Use Google Analytics to understand your ad traffic and site visitors
Traffic should be broken down into meaningful segments using URL channels, custom channels or even Google Ad Manager ad units. This will enable you to understand how changes to traffic sources or implementation can affect your ad traffic. Google Analytics can be used to get further information about site visitors and to identify any anomalies with regards to user behaviour.
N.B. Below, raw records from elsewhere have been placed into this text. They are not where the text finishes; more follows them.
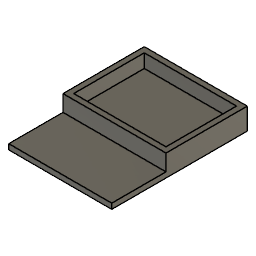
MOSFET_Halterung (Autodesk Fusion 360 design; units mm, degrees)
Autodesk Fusion 360 part; units mm, degrees
box "Grundkörper Quader1" add length 30 width 38 height 2 placed x (0, -1, 0) y (1, 0, 0) z (0, 0, 1) at (0, 0, 0) makes body 1
box "Grundkörper Quader2" add length 30 width 38 height 5 placed x (0, -1, 0) y (1, 0, 0) z (0, 0, 1) at (0, 0, 2) separate body makes body 2
shell "Schale1" thickness 2 removed faces 2 at (25.3333, -10, 7) at (25.3333, -10, 2) on bodies 2
extrude "Extrusion1" add 1 faces at (12.6667, -30, 0.6667) along direction (0, -1, 0) blind 20 on bodies 1 bodies 1 2
extrude "Extrusion2" add 1 faces at (24.6667, -10.6667, 2) along direction (0, 0, 1) blind 1 on bodies 1 bodies 1
extrude "Extrusion3" add 1 faces at (13.3333, -0.6667, 7) along direction (0, 0, 1) blind 1 on bodies 1 bodies 1
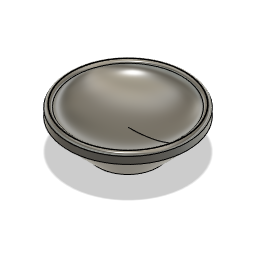
Concave_Topper (Autodesk Fusion 360 design; units mm, degrees)
Autodesk Fusion 360 part; units mm, degrees
note: some values were not read from the file. Set by a fixed rule: which sketch regions a step uses; which face or edge a step refers to.
sketch "Concave Profile" plane through (0, 0, 0) normal (0, 0, 1) x (1, 0, 0)
  line L0 (-30, 10) -> (-30, 20)
  line L1 (-30, 20) -> (-27, 20)
  line L2 (30, 10) -> (30, 20)
  line L3 (30, 20) -> (27, 20)
  line L4 (0, 0) -> (0, 10)
  line L5 (30, 10) -> (-30, 10) construction
  line L6 (-30, 10) -> (-30, 0)
  line L7 (30, 10) -> (30, 0)
  line L8 (-30, 0) -> (30, 0)
  line L9 (15, 0) -> (30, 15)
  ellipse E0 centre (0, 20) end of major axis (27, 20) minor radius 10
  line L10 (-27, 20) -> (27, 20)
  line L11 (0, 10) -> (0, 30)
  dimension "d7" = 10
  dimension "d8" = 10
  dimension "d10" = 3
  dimension "d32" = 45
  dimension "d34" = 60
  dimension "d40" = 15
  constraint perpendicular L0 L1
  constraint perpendicular L2 L3
  constraint coincident L4.start origin
  constraint equal L0 L2
  constraint perpendicular L4 L5
  constraint coincident L2.start L5.start
  constraint coincident L0.start L5.end
  constraint perpendicular L7 L8
  constraint midpoint L4.start L8
  constraint perpendicular L6 L8
  constraint parallel L2 L7
  constraint parallel L0 L6
  constraint equal L6 L7
  constraint coincident L8 L9.start
  constraint coincident E0 L1.end
  constraint coincident L3.end E0
  constraint coincident E0 L4.end
  constraint coincident E0 L11.end
  constraint collinear L1 L10
  constraint coincident L4.end L11.start
  constraint horizontal L8
  constraint coincident L5 L4.end
  constraint coincident L7 L9.end
  measures "d7" distance of L2.start L2.end
  measures "d8" distance of L7.end L2.start
  measures "d10" distance of L2.end L3.end
  measures "d32" angle of L8 L9
  measures "d34" distance of L0.end L2.end
  measures "d40" distance of L4.start L9.start
revolve "Revolve1" add sketch "Concave Profile" angle 360 about axis through (0, 0, 0) along (0, 1, 0) contours L2 L3 L4 L8 L9 E0
sketch "Thread Bore" plane through (0, 0, 0) normal (0, -1, 0) x (1, 0, 0)
  circle A0 centre (0, 0) radius 14
  circle A1 centre (0, 0) radius 30
  circle A2 centre (0, 0) radius 15
  dimension "d14" = 28
  constraint coincident A0.centre A1.centre
  measures "d14" diameter of A0
extrude "Extrude2" cut sketch "Thread Bore" against normal blind 6 contours A0
sketch "Collet Hole" plane through (0, 6, 0) normal (0, -1, 0) x (1, 0, 0)
  circle A0 centre (0, 0) radius 14
  circle A1 centre (0, 0) radius 9
  dimension "d17" = 18
  constraint coincident A0.centre A1.centre
  measures "d17" diameter of A1
extrude "Extrude3" cut sketch "Collet Hole" against normal blind 3 contours A1
sketch "Collet Interface" plane through (0, 0, 0) normal (0, 0, 1) x (1, 0, 0)
  line L0 (9, 9) -> (-9, 9)
  line L1 (9, 6) -> (-9, 6)
  line L2 (9, 6) -> (7.6706, 9)
  line L3 (9, 9) -> (9, 6)
  line L4 (0, 9) -> (0, 6)
  dimension "d20" = 66.1
  constraint coincident L1.start L2.start
  constraint coincident L0 L2.end
  constraint coincident L0.start L3.start
  constraint midpoint L0 L4.start
  constraint midpoint L1 L4.end
  measures "d20" angle of L0 L2
revolve "Revolve2" add sketch "Collet Interface" angle 360 about axis through (0, 9, 0) along (0, -1, 0) contours L0 L2 L3
sketch "Unsupported Hole" plane through (0, 6, 0) normal (0, -1, 0) x (1, 0, 0)
  circle A0 centre (0, 0) radius 9
  circle A1 centre (0, 0) radius 14
  line L0 (-13.2288, 9) -> (13.2288, 9)
  line L1 (9, 13.2288) -> (9, -13.2288)
  line L2 (13.2288, -9) -> (-13.2288, -9)
  line L3 (-9, -13.2288) -> (-9, 13.2288)
  circle A2 centre (0, 0) radius 16
  dimension "d37" = 32
  constraint horizontal L0
  constraint perpendicular L0 L1
  constraint perpendicular L1 L2
  constraint perpendicular L2 L3
  constraint tangent A0 L0
  constraint tangent A0 L3
  constraint tangent A0 L2
  constraint tangent A0 L1
  constraint concentric A0 A2
  constraint coincident L1.start A2
  constraint coincident L0.end A2
  constraint coincident L2.start A2
  constraint coincident L1.end A2
  constraint coincident L3.start A2
  constraint coincident L0.start A2
  constraint coincident L2.end A2
  constraint coincident L3.end A2
  measures "d37" diameter of A2
extrude "Extrude4" cut sketch "Unsupported Hole" against normal blind 0.4 contours A0 | A0 L1 L2 | A0 L0 L1 | A0 L0 L3 | A0 L2 L3
extrude "Extrude5" cut sketch "Unsupported Hole" against normal blind 0.2 contours A1 L0 L1 L2 | A1 L0 L2 L3 | A1 L0 L2 A2 | A1 L0 L2 A2
thread "Thread1" "ISO Metric profile 28.0 M28x2 6H" major diameter 28.2565 minor diameter 26.0224 pitch 2 angle 60 modelled right hand crest width 0.5434 on face at (0, 2, 14) crest through (13.0112, 0.5, 0)
chamfer "Chamfer2" distance 0.4 angle 45 1 edges at (-8.2257, 6.4, -3.1904)
fillet "Fillet1" radius 1.5 1 edges at (-27.9698, 20, -10.8485)
fillet "Fillet1" radius 1.5 1 edges at (-25.1728, 20, -9.7636)
extrude "Extrude6" add 2 faces at (13.1114, 6, 7.3172) (-13.1114, 6, 7.3172) along direction (0, 1, 0) blind 0.4
equation "Diameter = 60 mm" comment "Minimum 50mm"
equation "Depth = 10 mm" comment "Minimum 1mm"
equation "d7 = Depth"
equation "d10 = Rim_Width"
equation "Rim_Width = 3 mm" comment "Minimum 1mm"
equation "d28 = Rim_Width / 2"
equation "d34 = Diameter"
equation "d36 = Rim_Width / 2"
named bodies: "Concave_Topper"

Don’t click on your own ads!
Google Publisher policy stipulates that publishers are prohibited from clicking their own ads, regardless of the reason for doing so. If you really must click your own ads, whether that be because your genuinely interested in the destination URL or perhaps you are trying to diagnose delivery issues, use the Google Publisher Console. We have written a complete guide to installing and using the Google Publisher Console which you can view here. In a nutshell, the Google Publisher Console enables publishers to “test click” their own live ads without those clicks being counted towards ad spam.
Blocking bot activity
Unwanted bot activity can cause problems with both Invalid traffic and invalid clicks. There are commercial services that specialise in filtering out non-human traffic, and are able to tackle it in a number of ways. A simpler way to at least reduce bad bot activity is to block known bots either through robots.txt or restricting problematic IPs. CDN services like Cloudflare also provide some affordable protection against this
Steer clear of untrusted or low-quality partners
Partnering with low-quality ad networks, search engines or directory sites puts your site at risk of accumulating invalid traffic. When purchasing site traffic, ensure that you do so in a manner that complies with AdSense policies and monitor your reports closely to gauge the impact that each source has on your ad traffic. Review the traffic provider checklist to guide your discussions with any traffic provider you are considering
Be knowledgeable on Google’s ad placement policies
When implementing ads, ensure that your placement adheres to Google’s ad placement policies and be sure to test this on multiple devices. Google states that ads should not be implemented in a way that they might be mistaken for other site content, such as a menu, navigation, or download links.
If you are a publisher and suspect suspicious activity, you should notify Google immediately.